Which lines of the records below contain the string "UNSPECIFIED"? Report each of them.

(DATA FOR ANALYSIS begins)

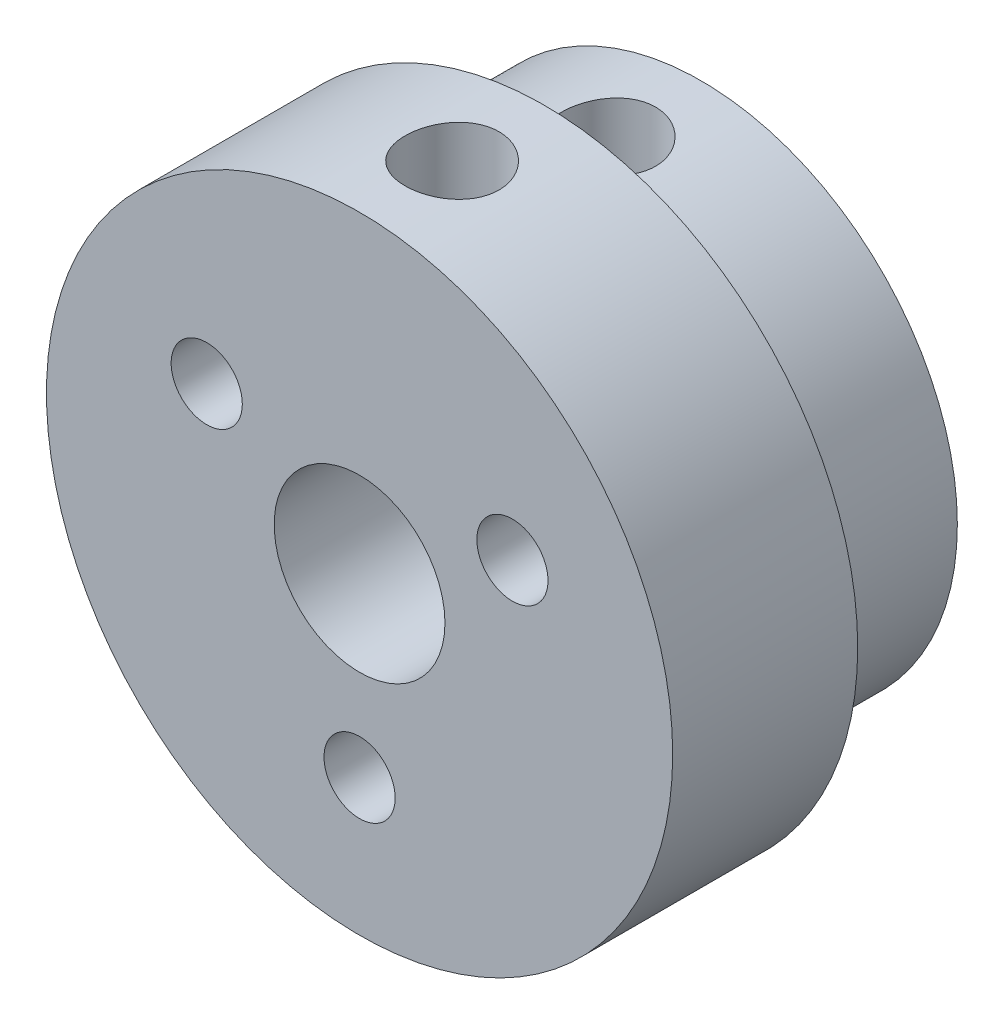
ISO-10303-21;
HEADER;
FILE_DESCRIPTION(('STEP AP214'),'2;1');
FILE_NAME('part.step','',(''),(''),'','','');
FILE_SCHEMA(('AUTOMOTIVE_DESIGN { 1 0 10303 214 1 1 1 1 }'));
ENDSEC;
DATA;
#1=APPLICATION_CONTEXT('core data for automotive mechanical design processes');
#2=APPLICATION_PROTOCOL_DEFINITION('international standard','automotive_design',2000,#1);
#3=PRODUCT_CONTEXT('',#1,'mechanical');
#4=PRODUCT('Part','Part','',(#3));
#5=PRODUCT_RELATED_PRODUCT_CATEGORY('part','',(#4));
#6=PRODUCT_DEFINITION_FORMATION('','',#4);
#7=PRODUCT_DEFINITION_CONTEXT('part definition',#1,'design');
#8=PRODUCT_DEFINITION('design','',#6,#7);
#9=PRODUCT_DEFINITION_SHAPE('','',#8);
#10=(LENGTH_UNIT() NAMED_UNIT(*) SI_UNIT(.MILLI.,.METRE.));
#11=(NAMED_UNIT(*) PLANE_ANGLE_UNIT() SI_UNIT($,.RADIAN.));
#12=(NAMED_UNIT(*) SI_UNIT($,.STERADIAN.) SOLID_ANGLE_UNIT());
#13=UNCERTAINTY_MEASURE_WITH_UNIT(LENGTH_MEASURE(1.E-05),#10,'distance_accuracy_value','');
#14=(GEOMETRIC_REPRESENTATION_CONTEXT(3) GLOBAL_UNCERTAINTY_ASSIGNED_CONTEXT((#13)) GLOBAL_UNIT_ASSIGNED_CONTEXT((#10,
#11,#12)) REPRESENTATION_CONTEXT('',''));
#15=CARTESIAN_POINT('',(0.,0.,0.));
#16=DIRECTION('',(0.,0.,1.));
#17=DIRECTION('',(1.,0.,0.));
#18=AXIS2_PLACEMENT_3D('',#15,#16,#17);
#19=CARTESIAN_POINT('',(0.,0.,0.));
#20=DIRECTION('',(0.,0.,1.));
#21=DIRECTION('',(1.,0.,0.));
#22=AXIS2_PLACEMENT_3D('',#19,#20,#21);
#23=CYLINDRICAL_SURFACE('',#22,3.);
#24=CARTESIAN_POINT('',(0.,3.,-1.6));
#25=CARTESIAN_POINT('',(0.0856699475452994,2.99999513886583,-1.60000538337831));
#26=CARTESIAN_POINT('',(0.171409071205646,2.99629302255545,-1.60671064559098));
#27=CARTESIAN_POINT('',(0.340286051726047,2.9818478399119,-1.63320221523036));
#28=CARTESIAN_POINT('',(0.42342019537986,2.97109516282085,-1.65300637834803));
#29=CARTESIAN_POINT('',(0.584401577928637,2.9436571869529,-1.70465446432168));
#30=CARTESIAN_POINT('',(0.662269062667418,2.92699634956489,-1.73644877862966));
#31=CARTESIAN_POINT('',(0.811408240635762,2.8892116252981,-1.81087866817394));
#32=CARTESIAN_POINT('',(0.882679651896673,2.86808754775153,-1.85351470658008));
#33=CARTESIAN_POINT('',(1.02211619357275,2.82153252993505,-1.95171533312459));
#34=CARTESIAN_POINT('',(1.08973037342791,2.79590528013301,-2.00796752444415));
#35=CARTESIAN_POINT('',(1.21508634233517,2.74375354722835,-2.1302916084601));
#36=CARTESIAN_POINT('',(1.2728189023456,2.71722825277821,-2.19637257436953));
#37=CARTESIAN_POINT('',(1.38251917690996,2.66321895829991,-2.34422598592266));
#38=CARTESIAN_POINT('',(1.43335857713386,2.635897965792,-2.42690296148472));
#39=CARTESIAN_POINT('',(1.52021547735939,2.58678336476683,-2.60122736563263));
#40=CARTESIAN_POINT('',(1.5562446891168,2.56498539395023,-2.69286763485725));
#41=CARTESIAN_POINT('',(1.60989890926138,2.53163475086558,-2.8767694484273));
#42=CARTESIAN_POINT('',(1.62854263347079,2.51952192354843,-2.96862615345283));
#43=CARTESIAN_POINT('',(1.64991120631134,2.5055890563389,-3.15488944855667));
#44=CARTESIAN_POINT('',(1.65265887915297,2.50375425894471,-3.24929218702398));
#45=CARTESIAN_POINT('',(1.64290000078864,2.51015646726158,-3.42242835674957));
#46=CARTESIAN_POINT('',(1.63265157443424,2.51690299364892,-3.50135975849933));
#47=CARTESIAN_POINT('',(1.60118639026894,2.53703527550373,-3.65612941990325));
#48=CARTESIAN_POINT('',(1.5799646365691,2.55042405491467,-3.7319662536941));
#49=CARTESIAN_POINT('',(1.52687641342515,2.58256130946142,-3.8804823200009));
#50=CARTESIAN_POINT('',(1.49479033069661,2.60141910516922,-3.9530582377923));
#51=CARTESIAN_POINT('',(1.42107429999088,2.64240902469132,-4.09217102059683));
#52=CARTESIAN_POINT('',(1.37944023253661,2.66454256035721,-4.15870526158193));
#53=CARTESIAN_POINT('',(1.28018349411555,2.71379040847906,-4.29489478358012));
#54=CARTESIAN_POINT('',(1.22107458392543,2.74113957142577,-4.36338605188438));
#55=CARTESIAN_POINT('',(1.09224532196501,2.79497377887706,-4.49002658065135));
#56=CARTESIAN_POINT('',(1.02251777065964,2.82145822218593,-4.54816876589242));
#57=CARTESIAN_POINT('',(0.868605041800935,2.87272134052732,-4.65621482668338));
#58=CARTESIAN_POINT('',(0.783763861453042,2.89726648156192,-4.70530464062892));
#59=CARTESIAN_POINT('',(0.605352377645231,2.93971528365153,-4.78808075343747));
#60=CARTESIAN_POINT('',(0.511790381195993,2.95762518579738,-4.82178153416669));
#61=CARTESIAN_POINT('',(0.327907037980977,2.98333345624201,-4.86961221043824));
#62=CARTESIAN_POINT('',(0.238095480523288,2.99191822782612,-4.88527255151752));
#63=CARTESIAN_POINT('',(0.0567325334425135,3.00083376662002,-4.90153082870693));
#64=CARTESIAN_POINT('',(-0.0348177069344347,3.00116980828416,-4.90213838996179));
#65=CARTESIAN_POINT('',(-0.207487375150858,2.99394177831786,-4.88896548669445));
#66=CARTESIAN_POINT('',(-0.28875177623744,2.98714659587173,-4.87658539871821));
#67=CARTESIAN_POINT('',(-0.447838849624849,2.96746793830126,-4.84015740266736));
#68=CARTESIAN_POINT('',(-0.525661172937911,2.95458384737082,-4.81610831443354));
#69=CARTESIAN_POINT('',(-0.677753407865903,2.92349378037743,-4.75664238404831));
#70=CARTESIAN_POINT('',(-0.751904240945376,2.90517475144826,-4.72098230445308));
#71=CARTESIAN_POINT('',(-0.893363199749703,2.86484215103297,-4.63962865370027));
#72=CARTESIAN_POINT('',(-0.960668811424107,2.8428272299655,-4.59393141551639));
#73=CARTESIAN_POINT('',(-1.09455456288909,2.79420331593949,-4.48795528586164));
#74=CARTESIAN_POINT('',(-1.16021004375817,2.76735592347542,-4.426616716341));
#75=CARTESIAN_POINT('',(-1.28079913012788,2.71365440736755,-4.2940755703225));
#76=CARTESIAN_POINT('',(-1.33572155748716,2.6868003055646,-4.22286284071763));
#77=CARTESIAN_POINT('',(-1.43747254066661,2.63385875511374,-4.06583580659286));
#78=CARTESIAN_POINT('',(-1.48334076829298,2.60799295737883,-3.97931692312463));
#79=CARTESIAN_POINT('',(-1.55942876653783,2.56323063992907,-3.79800592029134));
#80=CARTESIAN_POINT('',(-1.58967133039468,2.54432398053561,-3.70322608860007));
#81=CARTESIAN_POINT('',(-1.6306246255404,2.51825420457375,-3.51773762241447));
#82=CARTESIAN_POINT('',(-1.64294477567078,2.51013022153209,-3.4275252194605));
#83=CARTESIAN_POINT('',(-1.65249034912289,2.50386093509844,-3.24598953071196));
#84=CARTESIAN_POINT('',(-1.64972872967261,2.50570706604924,-3.15466726572743));
#85=CARTESIAN_POINT('',(-1.63075691736924,2.51807870697286,-2.98678047844449));
#86=CARTESIAN_POINT('',(-1.61642825416934,2.52738874118224,-2.90989902646687));
#87=CARTESIAN_POINT('',(-1.57741079979876,2.55192145753237,-2.75980458104002));
#88=CARTESIAN_POINT('',(-1.55271775279779,2.56714656833463,-2.68659310839999));
#89=CARTESIAN_POINT('',(-1.492056117962,2.60289749299613,-2.54086035370703));
#90=CARTESIAN_POINT('',(-1.45548954002738,2.62369085726804,-2.4686560041008));
#91=CARTESIAN_POINT('',(-1.37268509596928,2.66794671801683,-2.33092397849966));
#92=CARTESIAN_POINT('',(-1.32644209751913,2.69141062791391,-2.26539987321332));
#93=CARTESIAN_POINT('',(-1.21715006880685,2.74276036037727,-2.13215026044466));
#94=CARTESIAN_POINT('',(-1.15260264369496,2.77076245736401,-2.06569176481672));
#95=CARTESIAN_POINT('',(-1.01279351012943,2.82486614857147,-1.94411557257786));
#96=CARTESIAN_POINT('',(-0.937524174112383,2.85096636964491,-1.889006018451));
#97=CARTESIAN_POINT('',(-0.774887264813823,2.89948189270181,-1.79006196603414));
#98=CARTESIAN_POINT('',(-0.687189892415587,2.92173740350452,-1.74668643559364));
#99=CARTESIAN_POINT('',(-0.504223640414892,2.95878417900051,-1.67589028566925));
#100=CARTESIAN_POINT('',(-0.408974898948849,2.97359457153256,-1.64842875222927));
#101=CARTESIAN_POINT('',(-0.260510618519071,2.98911434756595,-1.61985794198771));
#102=CARTESIAN_POINT('',(-0.208783056433921,2.99318008334623,-1.61242756798774));
#103=CARTESIAN_POINT('',(-0.104712273399592,2.99862437594613,-1.60249698717911));
#104=CARTESIAN_POINT('',(-0.0523690613485741,3.00000297155585,-1.59999670920227));
#105=CARTESIAN_POINT('',(0.,3.,-1.6));
#106=B_SPLINE_CURVE_WITH_KNOTS('',3,(#24,#25,#26,#27,#28,#29,#30,#31,#32,#33,#34,#35,#36,#37,
#38,#39,#40,#41,#42,#43,#44,#45,#46,#47,#48,#49,#50,#51,#52,#53,#54,#55,#56,#57,#58,#59,#60,#61,
#62,#63,#64,#65,#66,#67,#68,#69,#70,#71,#72,#73,#74,#75,#76,#77,#78,#79,#80,#81,#82,#83,#84,#85,
#86,#87,#88,#89,#90,#91,#92,#93,#94,#95,#96,#97,#98,#99,#100,#101,#102,#103,#104,#105),
.UNSPECIFIED.,.T.,.F.,(4,2,2,2,2,2,2,2,2,2,2,2,2,2,2,2,2,2,2,2,2,2,2,2,2,2,2,2,2,2,2,2,2,2,2,2,
2,2,2,2,4),(0.,0.256799016537927,0.513948810602823,0.770046131883808,1.02615439574975,
1.29988051794781,1.57386091081864,1.87483382859252,2.17556827984511,2.45730761481344,
2.7386423161532,2.97715628850378,3.21577894619804,3.45954576386221,3.70341795322453,
3.98576982265921,4.26831398861796,4.5698079028087,4.8710175081485,5.14417314031286,
5.41715410504553,5.66345591892143,5.90978264803877,6.16164305576708,6.41359563296034,
6.69375293580821,6.97420047673715,7.27643629132652,7.57822997932257,7.85076329691247,
8.12306250931442,8.35830132419628,8.59363682764365,8.84338665158085,9.09326927891541,
9.38234984684168,9.6716371032665,9.97098879991467,10.2695674268337,10.4265480013941,
10.5835263098519),.UNSPECIFIED.);
#107=CARTESIAN_POINT('',(0.,3.,-1.6));
#108=VERTEX_POINT('',#107);
#109=EDGE_CURVE('E63',#108,#108,#106,.T.);
#110=ORIENTED_EDGE('',*,*,#109,.T.);
#111=EDGE_LOOP('',(#110));
#112=FACE_BOUND('',#111,.T.);
#113=CARTESIAN_POINT('',(0.,3.,-7.1));
#114=CARTESIAN_POINT('',(0.0856699475452995,2.99999513886583,-7.10000538337831));
#115=CARTESIAN_POINT('',(0.171409071205646,2.99629302255545,-7.10671064559098));
#116=CARTESIAN_POINT('',(0.340286051726047,2.9818478399119,-7.13320221523036));
#117=CARTESIAN_POINT('',(0.42342019537986,2.97109516282085,-7.15300637834803));
#118=CARTESIAN_POINT('',(0.584401577928637,2.9436571869529,-7.20465446432168));
#119=CARTESIAN_POINT('',(0.662269062667418,2.92699634956489,-7.23644877862966));
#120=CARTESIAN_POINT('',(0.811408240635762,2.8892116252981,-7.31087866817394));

(DATA FOR ANALYSIS ends)

[FINISHED TASK]
.UNSPECIFIED.,.T.,.F.,(4,2,2,2,2,2,2,2,2,2,2,2,2,2,2,2,2,2,2,2,2,2,2,2,2,2,2,2,2,2,2,2,2,2,2,2,
10.5835263098519),.UNSPECIFIED.);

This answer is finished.